E-ISSN:2320-8686
P-ISSN:2321-127X

Research Article

Metabolic

International Journal of Medical Research and Review

2019 Volume 7 Number 4 July-August
Publisherwww.medresearch.in

Metabolic Syndrome in psoriasis: a hospital based cross-sectional study in Central India

Singh Bhati S.1, Shah A.2*, Chaudhary S.3, Kumar S.4, Tomar A.5, Jain S.6
DOI: https://doi.org/10.17511/ijmrr.2019.i04.10

1 Surendra Singh Bhati, Assistant Professor, Index Medical College Hospital & Research Center, Indore, Madhya Pradesh, India.

2* Akhil Shah, Associate Professor, Amaltas Institute of Medical Sciences, Dewas, Madhya Pradesh, India.

3 Subhash Chaudhary, PG Resident, Index Medical College Hospital & Research Center, Indore, Madhya Pradesh, India.

4 Saket Kumar, PG Resident, Index Medical College Hospital & Research Center, Indore, Madhya Pradesh, India.

5 Anushtha Tomar, PG Resident, Index Medical College Hospital & Research Center, Indore, Madhya Pradesh, India.

6 Shubhang Jain, PG Resident, Index Medical College Hospital & Research Center, Indore, Madhya Pradesh, India.

Background: Psoriasis is a chronic immune-mediated inflammatory disorder, reported to be associated with obesity, dyslipidaemia and diabetes via common immunological mechanisms. All of these components ultimately increase the risk of metabolic syndrome and cardiovascular morbidities. Aims and Objectives: To assess the association of Metabolic Syndrome (MS) and its components in patients suffering from psoriasis. To study the relationship between the duration and severity of psoriasis and MS. Materials and Methods: A hospital based cross-sectional study was conducted involving 100 adult patients with psoriasis and 100 controls. All participants were evaluated forpsoriasis and the components of MS. Psoriasis was categorized as mild, moderate and severe based on Psoriasis Area and Severity Index (PASI) (<7, 8–12 and >12, respectively). In all patients and controls, body mass index was calculated, blood pressure and waist circumference were measured and fasting blood sugar and lipid profile were estimated. Results: In the present study, a higher prevalence of MS in Psoriasis patients than in controls (38% v/s 23%) was observed. Psoriatic patients had higher prevalence of hypertension (36% v/s 14%). It can be concluded that association of MS and psoriasis is independent of the type, duration and severity of psoriasis. Conclusion: The present study suggests that subjects with psoriasis present a greater risk of MS and should trigger a higher clinical suspicion for their co-existence. Psoriasis is a systemic disease with significant morbidity and mortality. This study emphasizes the critical need for providers to screen psoriasis patients for early diagnosis and treatment of associated MS.

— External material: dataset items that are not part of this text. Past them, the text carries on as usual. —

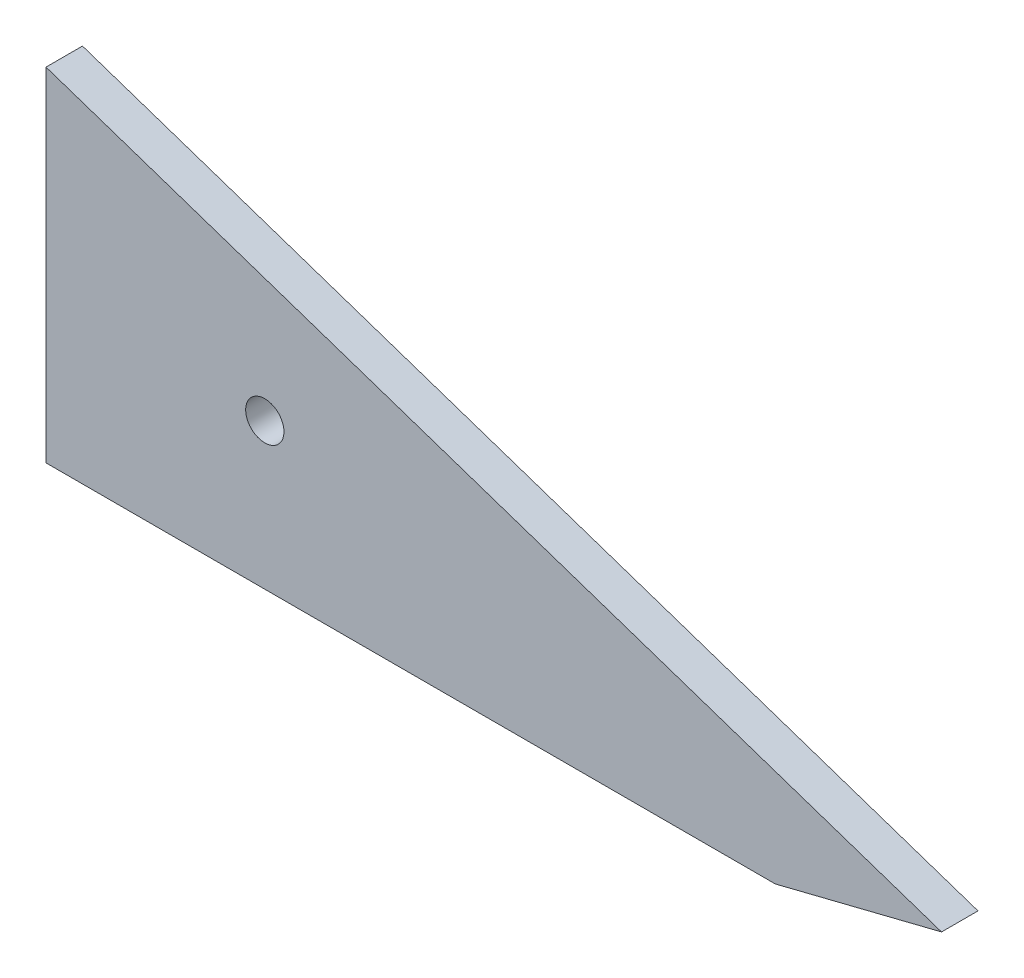
from build123d import *

# Parameters (mm, degrees)
BOSS_EXTRUDE1_DEPTH        = 10
M12X1_5_TAPPED_HOLE2_D     = 10.5
M12X1_5_TAPPED_HOLE2_DEPTH = 28.5
M12X1_5_TAPPED_HOLE2_TIP   = 3.15451825


with BuildPart() as part:
    # Sketch1 → Boss-Extrude1 (new body)
    with BuildSketch(Plane.XY):
        Polygon((0, 0), (200, 0), (220, 5), (245.581395349, 11.395348837), (220, 20), (0, 94), align=None)
    extrude(amount=BOSS_EXTRUDE1_DEPTH)

    # M12x1.5 Tapped Hole2
    with Locations(Plane(origin=(60, 40, 10), x_dir=(1, 0, 0), z_dir=(0, 0, 1))):
        with Locations((0, 0)):
            Hole(M12X1_5_TAPPED_HOLE2_D / 2, depth=M12X1_5_TAPPED_HOLE2_DEPTH)
            with Locations((0, 0, -(M12X1_5_TAPPED_HOLE2_DEPTH + M12X1_5_TAPPED_HOLE2_TIP / 2))):  # 118° drill point
                Cone(0, M12X1_5_TAPPED_HOLE2_D / 2, M12X1_5_TAPPED_HOLE2_TIP, mode=Mode.SUBTRACT)


solid = part.part
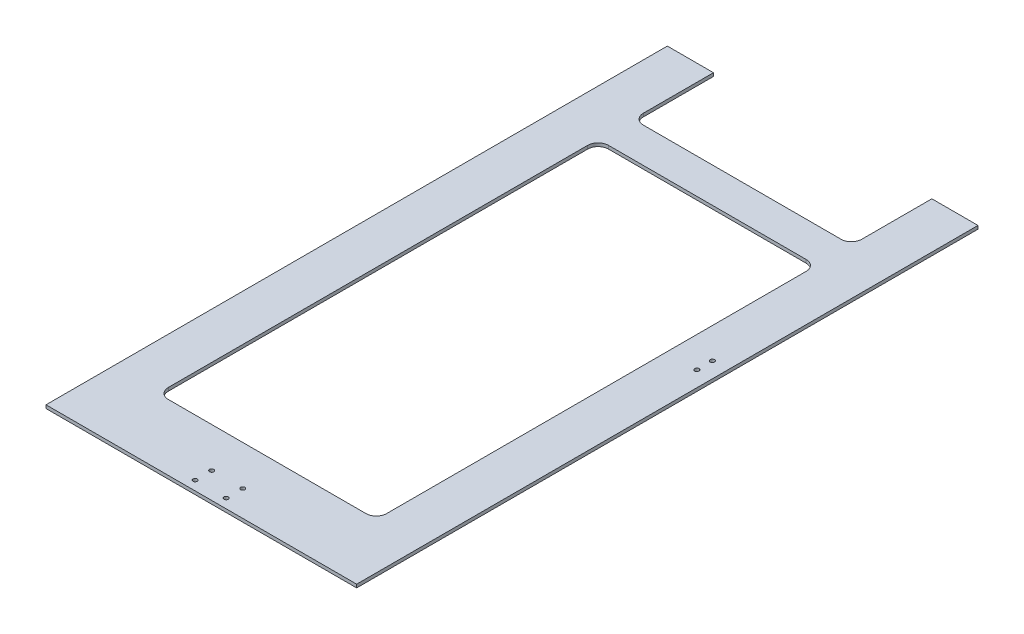
from build123d import *

# Parameters (mm, degrees)
SKETCH1_W           = 300
SKETCH1_H           = 600
BOSS_EXTRUDE1_DEPTH = 3.175
CUT_EXTRUDE1_DEPTH  = 10
SKETCH4_R           = 2.05
CUT_EXTRUDE2_DEPTH  = 51
SKETCH5_R           = 2.1
CUT_EXTRUDE3_DEPTH  = 67


with BuildPart() as part:
    # Sketch1 → Boss-Extrude1 (new body)
    with BuildSketch(Plane(origin=(0, 0, 0), x_dir=(1, 0, 0), z_dir=(0, 1, 0))):
        Rectangle(SKETCH1_W, SKETCH1_H)
    extrude(amount=BOSS_EXTRUDE1_DEPTH)

    # Sketch3 → Cut-Extrude1 (cut)
    with BuildSketch(Plane(origin=(0, 3.175, 0), x_dir=(1, 0, 0), z_dir=(0, 1, 0))):
        with BuildLine():
            Line((-95.445664395, -236.484492038), (95.445664395, -236.484492038))
            ThreePointArc((95.445664395, -236.484492038), (102.516732207, -233.55555985), (105.445664395, -226.484492038))
            Line((105.445664395, -226.484492038), (105.445664395, 178.578479092))
            ThreePointArc((105.445664395, 178.578479092), (102.516732207, 185.649546903), (95.445664395, 188.578479092))
            Line((95.445664395, 188.578479092), (-95.445664395, 188.578479092))
            ThreePointArc((-95.445664395, 188.578479092), (-102.516732207, 185.649546903), (-105.445664395, 178.578479092))
            Line((-105.445664395, 178.578479092), (-105.445664395, -226.484492038))
            ThreePointArc((-105.445664395, -226.484492038), (-102.516732207, -233.55555985), (-95.445664395, -236.484492038))
        make_face()
        with BuildLine():
            Line((105.445664395, 338.770518263), (105.445664395, 232.318098583))
            ThreePointArc((105.445664395, 232.318098583), (102.516732207, 225.247030771), (95.445664395, 222.318098583))
            Line((95.445664395, 222.318098583), (-95.445664395, 222.318098583))
            ThreePointArc((-95.445664395, 222.318098583), (-102.516732207, 225.247030771), (-105.445664395, 232.318098583))
            Line((-105.445664395, 232.318098583), (-105.445664395, 338.770518263))
            ThreePointArc((-105.445664395, 338.770518263), (-102.516732207, 345.841586075), (-95.445664395, 348.770518263))
            Line((-95.445664395, 348.770518263), (95.445664395, 348.770518263))
            ThreePointArc((95.445664395, 348.770518263), (102.516732207, 345.841586075), (105.445664395, 338.770518263))
        make_face()
    extrude(amount=-CUT_EXTRUDE1_DEPTH, mode=Mode.SUBTRACT)

    # Sketch4 → Cut-Extrude2 (cut)
    with BuildSketch(Plane(origin=(0, 3.175, 0), x_dir=(1, 0, 0), z_dir=(0, 1, 0))):
        with Locations((15, -291)):
            Circle(SKETCH4_R)
        with Locations((-15, -291)):
            Circle(SKETCH4_R)
        with Locations((-15, -275)):
            Circle(SKETCH4_R)
        with Locations((15, -275)):
            Circle(SKETCH4_R)
    extrude(amount=-CUT_EXTRUDE2_DEPTH, mode=Mode.SUBTRACT)

    # Sketch5 → Cut-Extrude3 (cut)
    with BuildSketch(Plane(origin=(0, 3.175, 0), x_dir=(1, 0, 0), z_dir=(0, 1, 0))):
        with Locations((135, 43.495009338)):
            Circle(SKETCH5_R)
        with Locations((135, 58.495009338)):
            Circle(SKETCH5_R)
    extrude(amount=-CUT_EXTRUDE3_DEPTH, mode=Mode.SUBTRACT)


solid = part.part

Keywords: Psoriasis, Metabolic Syndrome, Hypertension, Obesity, Diabetes

Corresponding Author How to Cite this Article To Browse
Akhil Shah, Associate Professor, Amaltas Institute of Medical Sciences, Dewas, Madhya Pradesh, India.
Email: 		Bhati SS, Shah A, Chaudhary S, Kumar S, Tomar A, Jain S. Metabolic Syndrome in psoriasis: a hospital based cross-sectional study in Central India. Int J Med Res Rev. 2019;7(4):315-323.
Available From
https://ijmrr.medresearch.in/index.php/ijmrr/article/view/1075

Manuscript Received Review Round 1 Review Round 2 Review Round 3 Accepted
2019-07-10 2019-07-20 2019-07-26 2019-07-31
Conflict of Interest Funding Ethical Approval Plagiarism X-checker Note
No Nil Yes 8%

© 2019 by Surendra Singh Bhati, Akhil Shah, Subhash Chaudhary, Saket Kumar, Anushtha Tomar, Shubhang Jain and Published by Siddharth Health Research and Social Welfare Society. This is an Open Access article licensed under a Creative Commons Attribution 4.0 International License https://creativecommons.org/licenses/by/4.0/ unported [CC BY 4.0].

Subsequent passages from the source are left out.